Task to carry out: When you reach the line containing "A CAD part, left-side" in the records below, start copying exactly, and stop once you have copied the line containing "Its self-contained STEP".

Stored data entries
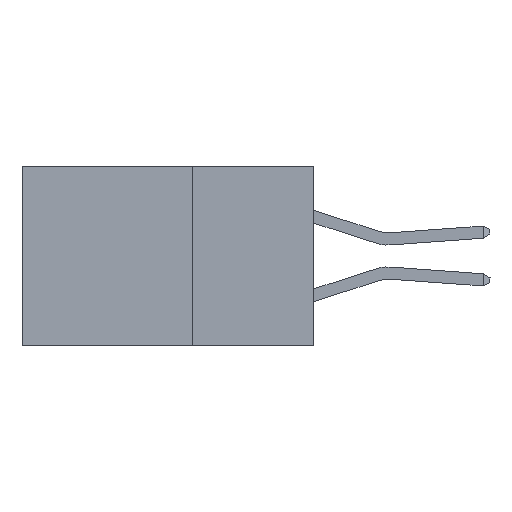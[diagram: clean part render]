
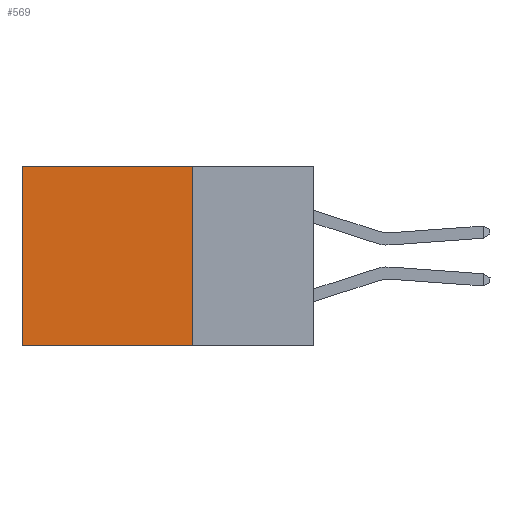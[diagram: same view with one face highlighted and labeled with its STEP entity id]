
A CAD part, left-side view. The second image highlights one B-rep face of the part: STEP entity #569.
In plain terms, the highlighted planar face has unit normal (-1, 0, 0).
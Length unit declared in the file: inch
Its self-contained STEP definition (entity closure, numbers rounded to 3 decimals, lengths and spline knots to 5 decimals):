
#569 = ADVANCED_FACE ( 'NONE', ( #4905 ), #17376, .F. ) ;
#999 = VECTOR ( 'NONE', #4734, 39.37008 ) ;
#1487 = VECTOR ( 'NONE', #11051, 39.37008 ) ;
#2038 = ORIENTED_EDGE ( 'NONE', *, *, #12892, .F. ) ;
#2089 = VERTEX_POINT ( 'NONE', #17581 ) ;
#2100 = ORIENTED_EDGE ( 'NONE', *, *, #17764, .T. ) ;
#2326 = VERTEX_POINT ( 'NONE', #4785 ) ;
#3469 = LINE ( 'NONE', #15460, #12099 ) ;
#3766 = EDGE_CURVE ( 'NONE', #12532, #2326, #11021, .T. ) ;
#4734 = DIRECTION ( 'NONE',  ( 0., 0., -1. ) ) ;
#4785 = CARTESIAN_POINT ( 'NONE',  ( 0.2875, 0.25, -0.37 ) ) ;
#4905 = FACE_OUTER_BOUND ( 'NONE', #20100, .T. ) ;
#5287 = CARTESIAN_POINT ( 'NONE',  ( 0.2875, 0.25, 0. ) ) ;
#7050 = DIRECTION ( 'NONE',  ( 1., 0., 0. ) ) ;
#7416 = AXIS2_PLACEMENT_3D ( 'NONE', #8699, #7050, #19121 ) ;
#7740 = LINE ( 'NONE', #9317, #1487 ) ;
#8699 = CARTESIAN_POINT ( 'NONE',  ( 0.2875, 0.25, 0. ) ) ;
#9317 = CARTESIAN_POINT ( 'NONE',  ( 0.2875, 0.25, -0.37 ) ) ;
#9970 = CARTESIAN_POINT ( 'NONE',  ( 0.2875, 0.6, 0. ) ) ;
#10081 = CARTESIAN_POINT ( 'NONE',  ( 0.2875, 0.25, 0. ) ) ;
#11021 = LINE ( 'NONE', #5287, #11532 ) ;
#11051 = DIRECTION ( 'NONE',  ( 0., 1., 0. ) ) ;
#11532 = VECTOR ( 'NONE', #17348, 39.37008 ) ;
#12099 = VECTOR ( 'NONE', #13721, 39.37008 ) ;
#12532 = VERTEX_POINT ( 'NONE', #10081 ) ;
#12892 = EDGE_CURVE ( 'NONE', #2326, #2089, #7740, .T. ) ;
#13721 = DIRECTION ( 'NONE',  ( 0., 1., 0. ) ) ;
#14153 = ORIENTED_EDGE ( 'NONE', *, *, #3766, .F. ) ;
#14824 = LINE ( 'NONE', #9970, #999 ) ;
#15460 = CARTESIAN_POINT ( 'NONE',  ( 0.2875, 0.25, 0. ) ) ;
#15792 = ORIENTED_EDGE ( 'NONE', *, *, #19815, .T. ) ;
#17348 = DIRECTION ( 'NONE',  ( 0., 0., -1. ) ) ;
#17376 = PLANE ( 'NONE',  #7416 ) ;
#17581 = CARTESIAN_POINT ( 'NONE',  ( 0.2875, 0.6, -0.37 ) ) ;
#17764 = EDGE_CURVE ( 'NONE', #12532, #21336, #3469, .T. ) ;
#19121 = DIRECTION ( 'NONE',  ( 0., 0., -1. ) ) ;
#19122 = CARTESIAN_POINT ( 'NONE',  ( 0.2875, 0.6, 0. ) ) ;
#19815 = EDGE_CURVE ( 'NONE', #21336, #2089, #14824, .T. ) ;
#20100 = EDGE_LOOP ( 'NONE', ( #15792, #2038, #14153, #2100 ) ) ;
#21336 = VERTEX_POINT ( 'NONE', #19122 ) ;

Task solution:
A CAD part, left-side view. The second image highlights one B-rep face of the part: STEP entity #569.
In plain terms, the highlighted planar face has unit normal (-1, 0, 0).
Length unit declared in the file: inch
Its self-contained STEP definition (entity closure, numbers rounded to 3 decimals, lengths and spline knots to 5 decimals):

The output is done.